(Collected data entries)
++++++++++++++++++++
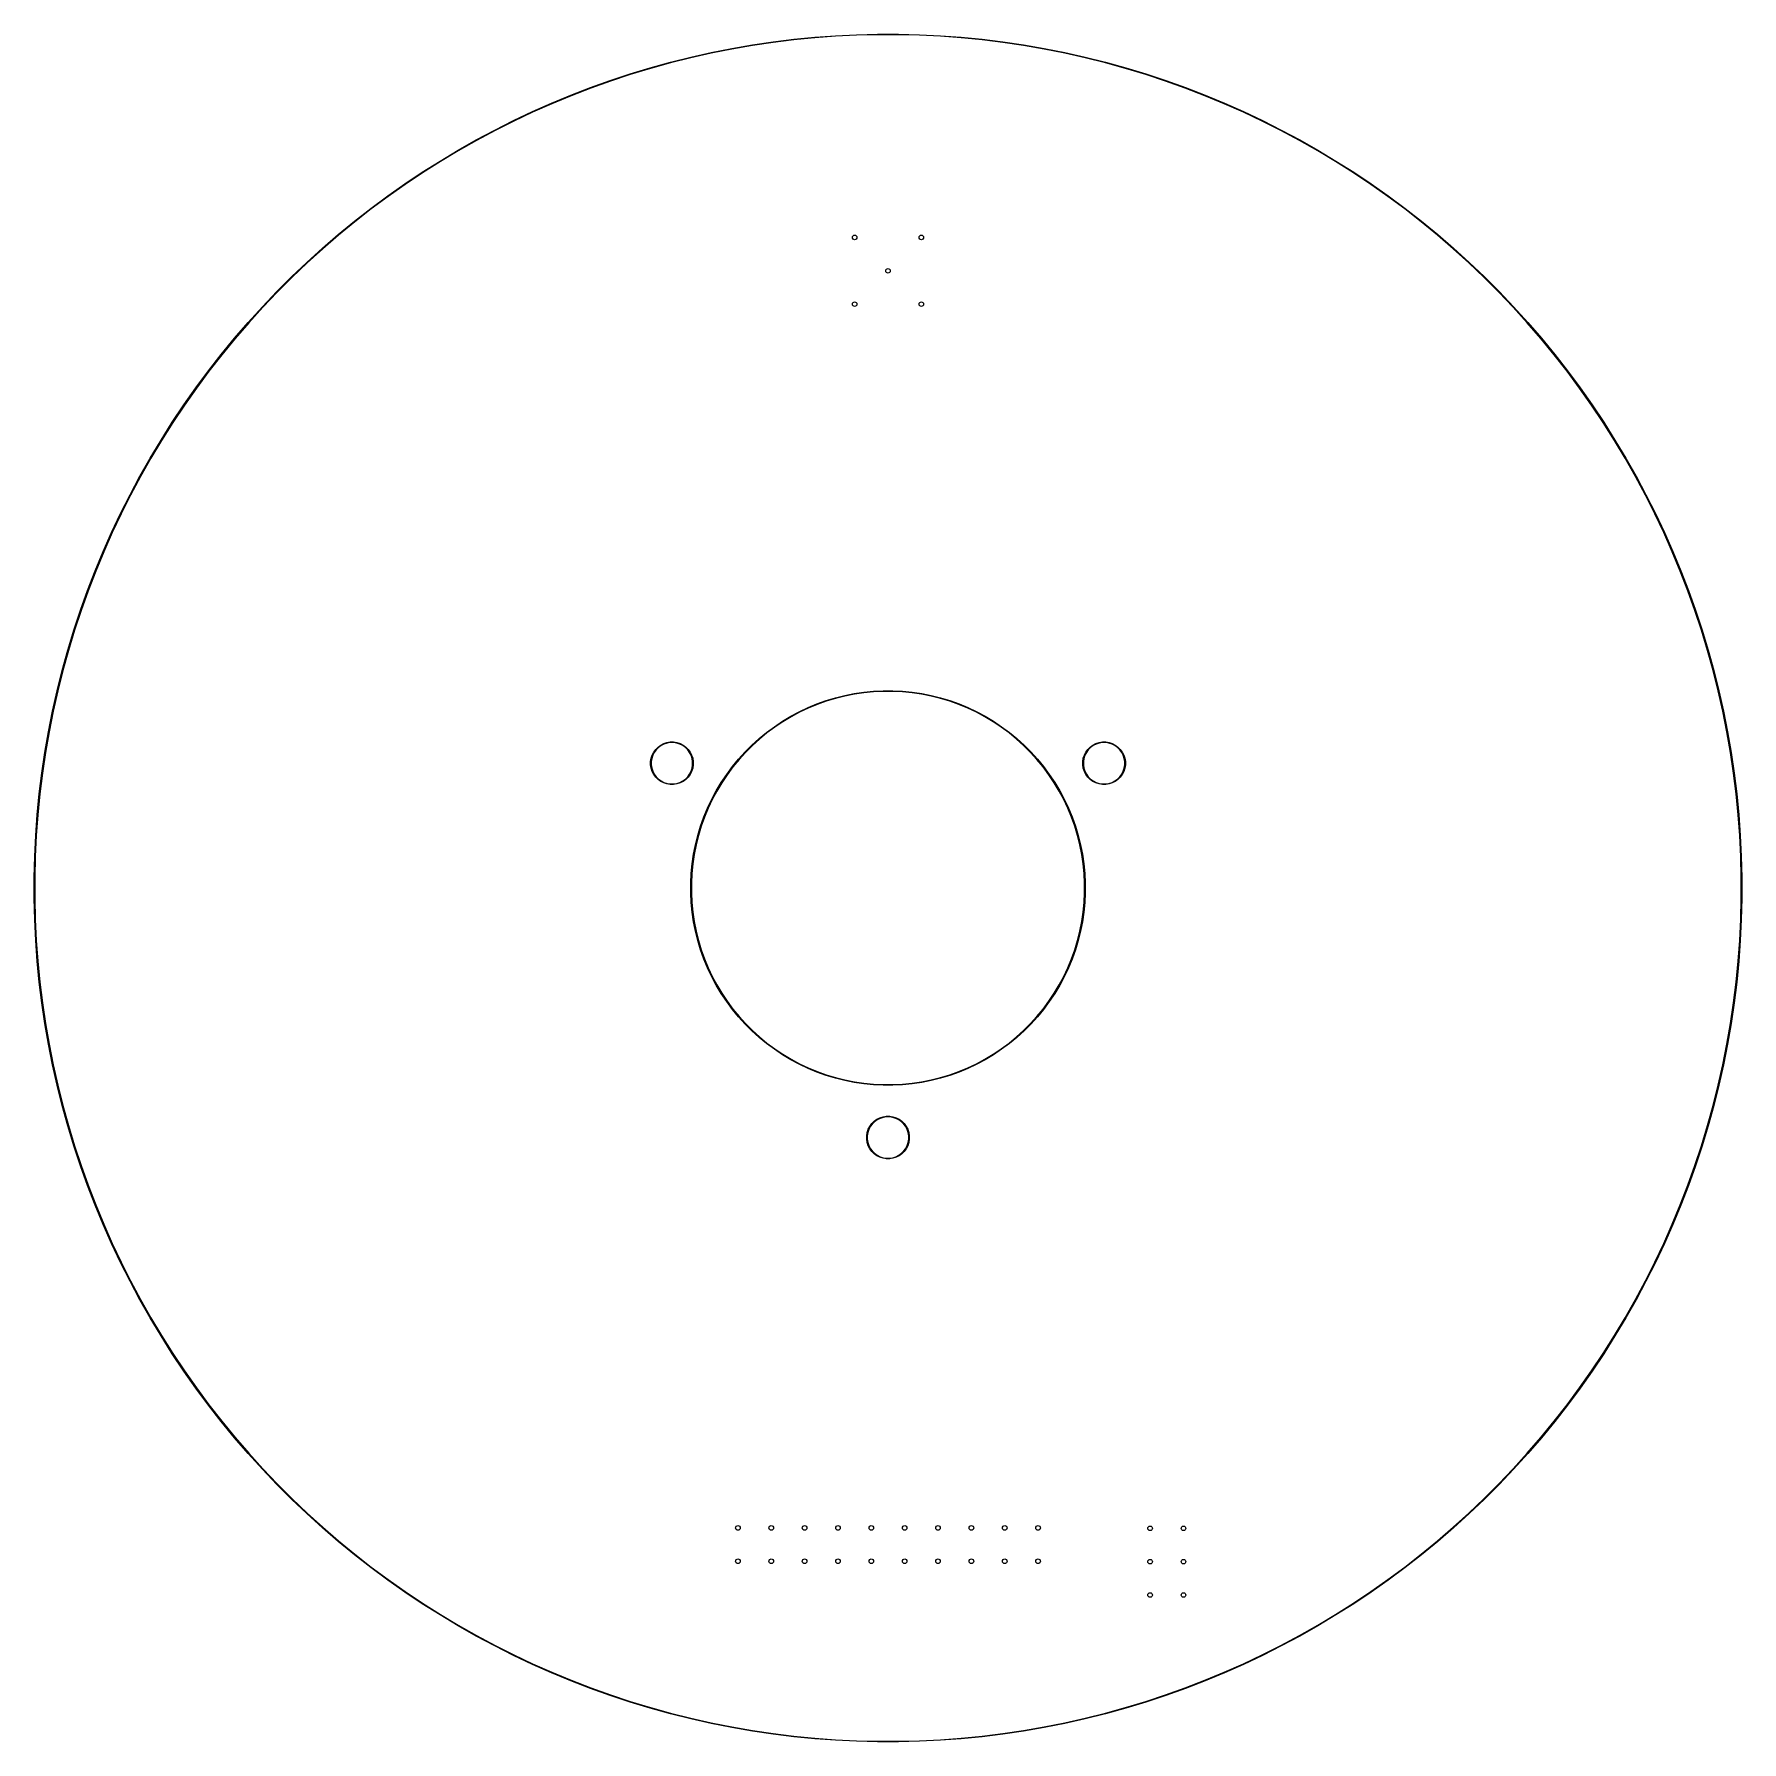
# Model space of a CAD drawing. Extents: x -2.56 to 2.56, y -2.56 to 2.56.
import ezdxf

# ---------------------------------------------------------------- set-up
doc = ezdxf.new("R2010")
doc.units = 0
doc.header["$MEASUREMENT"] = 0
doc.layers.add('BLACK', color=7, linetype='CONTINUOUS')

msp = doc.modelspace()

# ---------------------------------------------------------------- linework, layer by layer
at = {"layer": 'BLACK', "linetype": 'CONTINUOUS'}
for p, q in [((-0.0942, 2.5583), (-0.0314, 2.5598)), ((-0.0314, 2.5598), (0.0314, 2.5598)), ((0.0314, 2.5598), (0.0942, 2.5583)), ((-0.5302, 2.5045), (-0.4686, 2.5168)), ((-0.4683, 2.515), (-0.5298, 2.5028)), ((-0.4686, 2.5168), (-0.4067, 2.5275)), ((-0.4064, 2.5258), (-0.4683, 2.515)), ((-0.4067, 2.5275), (-0.3445, 2.5367)), ((-0.3443, 2.535), (-0.4064, 2.5258)), ((-0.3445, 2.5367), (-0.2822, 2.5444)), ((-0.282, 2.5427), (-0.3443, 2.535)), ((-0.2822, 2.5444), (-0.2196, 2.5506)), ((-0.2195, 2.5488), (-0.282, 2.5427)), ((-0.2196, 2.5506), (-0.157, 2.5552)), ((-0.1569, 2.5534), (-0.2195, 2.5488)), ((-0.157, 2.5552), (-0.0942, 2.5583)), ((-0.0942, 2.5565), (-0.1569, 2.5534)), ((-0.0314, 2.5581), (-0.0942, 2.5565)), ((0.0314, 2.5581), (-0.0314, 2.5581)), ((0.0942, 2.5565), (0.0314, 2.5581)), ((0.0942, 2.5583), (0.157, 2.5552)), ((0.1569, 2.5534), (0.0942, 2.5565)), ((0.2195, 2.5488), (0.1569, 2.5534)), ((0.157, 2.5552), (0.2196, 2.5506)), ((0.282, 2.5427), (0.2195, 2.5488)), ((0.2196, 2.5506), (0.2822, 2.5444)), ((0.3443, 2.535), (0.282, 2.5427)), ((0.2822, 2.5444), (0.3445, 2.5367)), ((0.4064, 2.5258), (0.3443, 2.535)), ((0.3445, 2.5367), (0.4067, 2.5275)), ((0.4683, 2.515), (0.4064, 2.5258)), ((0.4067, 2.5275), (0.4686, 2.5168)), ((0.5298, 2.5028), (0.4683, 2.515)), ((0.4686, 2.5168), (0.5302, 2.5045)), ((-0.7731, 2.4405), (-0.713, 2.4587)), ((-0.713, 2.4587), (-0.6525, 2.4755)), ((-0.652, 2.4738), (-0.7125, 2.457)), ((-0.6525, 2.4755), (-0.5915, 2.4908)), ((-0.5911, 2.489), (-0.652, 2.4738)), ((-0.5915, 2.4908), (-0.5302, 2.5045)), ((-0.5298, 2.5028), (-0.5911, 2.489)), ((0.5911, 2.489), (0.5298, 2.5028)), ((0.5302, 2.5045), (0.5915, 2.4908)), ((0.652, 2.4738), (0.5911, 2.489)), ((0.5915, 2.4908), (0.6525, 2.4755)), ((0.7125, 2.457), (0.652, 2.4738)), ((0.6525, 2.4755), (0.713, 2.4587)), ((0.713, 2.4587), (0.7731, 2.4405)), ((-0.892, 2.3996), (-0.8328, 2.4208)), ((-0.8322, 2.4191), (-0.8913, 2.398)), ((-0.8328, 2.4208), (-0.7731, 2.4405)), ((-0.7726, 2.4388), (-0.8322, 2.4191)), ((-0.7125, 2.457), (-0.7726, 2.4388)), ((0.7726, 2.4388), (0.7125, 2.457)), ((0.8322, 2.4191), (0.7726, 2.4388)), ((0.7731, 2.4405), (0.8328, 2.4208)), ((0.8913, 2.398), (0.8322, 2.4191)), ((0.8328, 2.4208), (0.892, 2.3996)), ((-1.0086, 2.353), (-0.9506, 2.377)), ((-0.9499, 2.3754), (-1.0079, 2.3513)), ((-0.9506, 2.377), (-0.892, 2.3996)), ((-0.8913, 2.398), (-0.9499, 2.3754)), ((0.9499, 2.3754), (0.8913, 2.398)), ((0.892, 2.3996), (0.9506, 2.377)), ((1.0079, 2.3513), (0.9499, 2.3754)), ((0.9506, 2.377), (1.0086, 2.353)), ((-1.1229, 2.3006), (-1.0661, 2.3275)), ((-1.0653, 2.3259), (-1.1221, 2.299)), ((-1.0661, 2.3275), (-1.0086, 2.353)), ((-1.0079, 2.3513), (-1.0653, 2.3259)), ((1.0653, 2.3259), (1.0079, 2.3513)), ((1.0086, 2.353), (1.0661, 2.3275)), ((1.1221, 2.299), (1.0653, 2.3259)), ((1.0661, 2.3275), (1.1229, 2.3006)), ((-1.2344, 2.2428), (-1.179, 2.2724)), ((-1.1782, 2.2708), (-1.2336, 2.2412)), ((-1.179, 2.2724), (-1.1229, 2.3006)), ((-1.1221, 2.299), (-1.1782, 2.2708)), ((1.1782, 2.2708), (1.1221, 2.299)), ((1.1229, 2.3006), (1.179, 2.2724)), ((1.2336, 2.2412), (1.1782, 2.2708)), ((1.179, 2.2724), (1.2344, 2.2428)), ((-1.343, 2.1795), (-1.2891, 2.2118)), ((-1.2882, 2.2103), (-1.342, 2.178)), ((-1.2891, 2.2118), (-1.2344, 2.2428)), ((-1.2336, 2.2412), (-1.2882, 2.2103)), ((1.2882, 2.2103), (1.2336, 2.2412)), ((1.2344, 2.2428), (1.2891, 2.2118)), ((1.342, 2.178), (1.2882, 2.2103)), ((1.2891, 2.2118), (1.343, 2.1795)), ((-1.3961, 2.1459), (-1.343, 2.1795)), ((-1.342, 2.178), (-1.3951, 2.1444)), ((1.3951, 2.1444), (1.342, 2.178)), ((1.343, 2.1795), (1.3961, 2.1459)), ((-1.4997, 2.0748), (-1.4483, 2.111)), ((-1.4473, 2.1095), (-1.4986, 2.0734)), ((-1.4483, 2.111), (-1.3961, 2.1459)), ((-1.3951, 2.1444), (-1.4473, 2.1095)), ((1.4473, 2.1095), (1.3951, 2.1444)), ((1.3961, 2.1459), (1.4483, 2.111)), ((1.4986, 2.0734), (1.4473, 2.1095)), ((1.4483, 2.111), (1.4997, 2.0748)), ((-1.5501, 2.0374), (-1.4997, 2.0748)), ((-1.4986, 2.0734), (-1.5491, 2.036)), ((1.5491, 2.036), (1.4986, 2.0734)), ((1.4997, 2.0748), (1.5501, 2.0374)), ((-1.6482, 1.9589), (-1.5997, 1.9987)), ((-1.5986, 1.9973), (-1.6471, 1.9575)), ((-1.5997, 1.9987), (-1.5501, 2.0374)), ((-1.5491, 2.036), (-1.5986, 1.9973)), ((1.5986, 1.9973), (1.5491, 2.036)), ((1.5501, 2.0374), (1.5997, 1.9987)), ((1.6471, 1.9575), (1.5986, 1.9973)), ((1.5997, 1.9987), (1.6482, 1.9589)), ((-1.6958, 1.9178), (-1.6482, 1.9589)), ((-1.6471, 1.9575), (-1.6946, 1.9165)), ((1.6946, 1.9165), (1.6471, 1.9575)), ((1.6482, 1.9589), (1.6958, 1.9178)), ((-1.7424, 1.8756), (-1.6958, 1.9178)), ((-1.6946, 1.9165), (-1.7412, 1.8743)), ((1.7412, 1.8743), (1.6946, 1.9165)), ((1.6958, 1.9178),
++++++++++++++++++++
Activity:
Some lines above hold the word "CONTINUOUS". Copy all of them.

Response box:
doc.layers.add('BLACK', color=7, linetype='CONTINUOUS')
at = {"layer": 'BLACK', "linetype": 'CONTINUOUS'}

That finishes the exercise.